Assignment
With the line containing "line L0 (-38.1, 304.8)" as the starting point, output every line of the data below through its final line, character for character.

Items listed in a dataset
▬▬▬

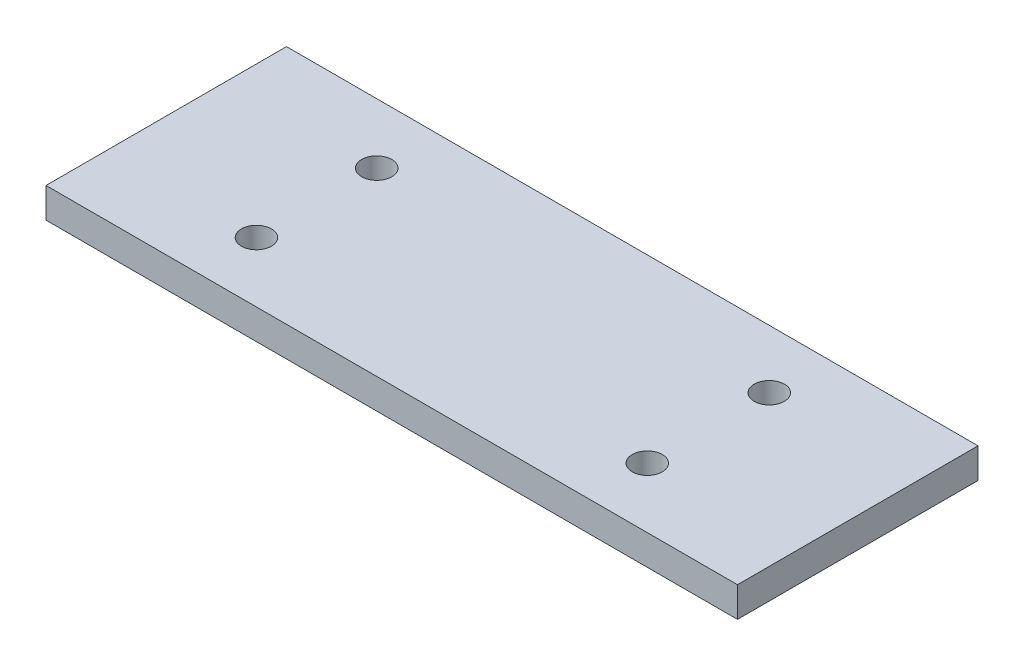
SolidWorks part; units mm, degrees
ref_plane "Front Plane" through (0, 0, 0) normal (0, 0, 1) x (1, 0, 0)
ref_plane "Top Plane" through (0, 0, 0) normal (0, 1, 0) x (1, 0, 0)
ref_plane "Right Plane" through (0, 0, 0) normal (1, 0, 0) x (0, 0, -1)
sketch "Sketch1" plane through (0, 0, 0) normal (0, 1, 0) x (1, 0, 0)
  line L1 (-57.5, 20) -> (57.5, 20)
  line L2 (-57.5, 20) -> (-57.5, -20)
  line L3 (-57.5, -20) -> (57.5, -20)
  line L4 (57.5, 20) -> (57.5, -20)
  line L5 (-57.5, 20) -> (57.5, -20) construction
  line L6 (-57.5, -20) -> (57.5, 20) construction
  point P0 (0, 0)
  dimension "D1" = 40
  dimension "D2" = 115
extrude "Boss-Extrude1" add sketch "Sketch1" along normal mid plane 5
hole_wizard "Ø5.0mm Dowel Hole1" positions "Sketch2" profile "Sketch3" hole size "Ø5.0" standard "ISO" end condition through all
sketch "Sketch2" plane through (0, 2.5, 0) normal (0, 1, 0) x (1, 0, 0)
  line L0 (57.5, 20) -> (-57.5, 20) construction
  line L1 (-57.5, 20) -> (-57.5, -20) construction
  point P0 (-32.5, 10)
  point P2 (-32.5, -10)
  point P4 (32.5, -10)
  point P6 (32.5, 10.2905)
  dimension "D1" = 10
  dimension "D2" = 65
  dimension "D3" = 25
  dimension "D4" = 20
sketch "Sketch3" plane through (-32.5, 2.5, -10) normal (1, 0, 0) x (0, 0, 1)
  line L0 (0, 0) -> (0, 5)
  line L1 (0, 5) -> (2.5, 5)
  line L2 (2.5, 5) -> (2.5, 0)
  line L5 (2.5, 0) -> (0, 0)
  line L11 (0, -6.35) -> (0, 107.95) construction
  dimension "Thru Hole Dia." = 5
  dimension "Thru Hole Depth" = 5
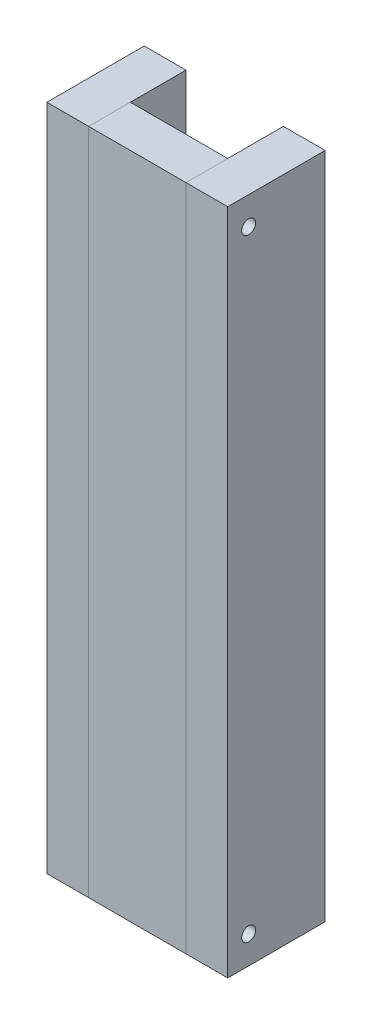
SolidWorks part; units mm, degrees
material "Custom Plastic"
ref_plane "X-Y Datum" through (0, 0, 0) normal (0, 0, 1) x (1, 0, 0)
ref_plane "X-Z Datum" through (0, 0, 0) normal (0, 1, 0) x (1, 0, 0)
ref_plane "Y-Z Datum" through (0, 0, 0) normal (1, 0, 0) x (0, 0, -1)
sketch "Sketch1" plane through (0, 0, 0) normal (0, 0, 1) x (1, 0, 0)
  line L1 (44.45, 304.8) -> (-44.45, 304.8)
  line L2 (44.45, 304.8) -> (44.45, -304.8)
  line L3 (44.45, -304.8) -> (-44.45, -304.8)
  line L4 (-44.45, 304.8) -> (-44.45, -304.8)
  line L5 (44.45, 304.8) -> (-44.45, -304.8) construction
  line L6 (44.45, -304.8) -> (-44.45, 304.8) construction
  point P0 (0, 0)
  dimension "D1" = 609.6
  dimension "D2" = 88.9
extrude "Boss-Extrude1" add sketch "Sketch1" against normal blind 38.1
sketch "Sketch2" plane through (0, 304.8, 0) normal (0, 1, 0) x (1, 0, 0)
  line L1 (44.45, 0) -> (82.55, 0)
  line L2 (44.45, 0) -> (44.45, 88.9)
  line L3 (44.45, 88.9) -> (82.55, 88.9)
  line L4 (82.55, 0) -> (82.55, 88.9)
  line L5 (-44.45, 0) -> (-82.55, 0)
  line L6 (-44.45, 0) -> (-44.45, 88.9)
  line L7 (-44.45, 88.9) -> (-82.55, 88.9)
  line L8 (-82.55, 0) -> (-82.55, 88.9)
  dimension "D1" = 88.9
  dimension "D2" = 38.1
extrude "Boss-Extrude2" add sketch "Sketch2" against normal blind 609.6 separate body
sketch "Sketch3" plane through (-82.55, 0, 0) normal (-1, 0, 0) x (0, 0, 1)
  line L0 (-38.1, 304.8) -> (0, 304.8) construction
  line L1 (-88.9, 304.8) -> (0, 304.8) construction
  line L2 (-88.9, -304.8) -> (0, -304.8) construction
  circle A0 centre (-19.05, 279.4) radius 6.35
  circle A1 centre (-19.05, -279.4) radius 6.35
  point P7 (-19.05, 304.8)
  dimension "D1" = 12.7
  dimension "D2" = 25.4
  dimension "D3" = 25.4
extrude "Cut-Extrude1" cut sketch "Sketch3" against normal blind 76.2
ref_plane "Plane1" through (0, 0, 0) normal (-1, 0, 0) x (0, 0, 1)
mirror "Mirror1" about plane through (0, 0, 0) normal (-1, 0, 0) of "Cut-Extrude1"

▬▬▬

Result of the task
  line L0 (-38.1, 304.8) -> (0, 304.8) construction
  line L1 (-88.9, 304.8) -> (0, 304.8) construction
  line L2 (-88.9, -304.8) -> (0, -304.8) construction
  circle A0 centre (-19.05, 279.4) radius 6.35
  circle A1 centre (-19.05, -279.4) radius 6.35
  point P7 (-19.05, 304.8)
  dimension "D1" = 12.7
  dimension "D2" = 25.4
  dimension "D3" = 25.4
extrude "Cut-Extrude1" cut sketch "Sketch3" against normal blind 76.2
ref_plane "Plane1" through (0, 0, 0) normal (-1, 0, 0) x (0, 0, 1)
mirror "Mirror1" about plane through (0, 0, 0) normal (-1, 0, 0) of "Cut-Extrude1"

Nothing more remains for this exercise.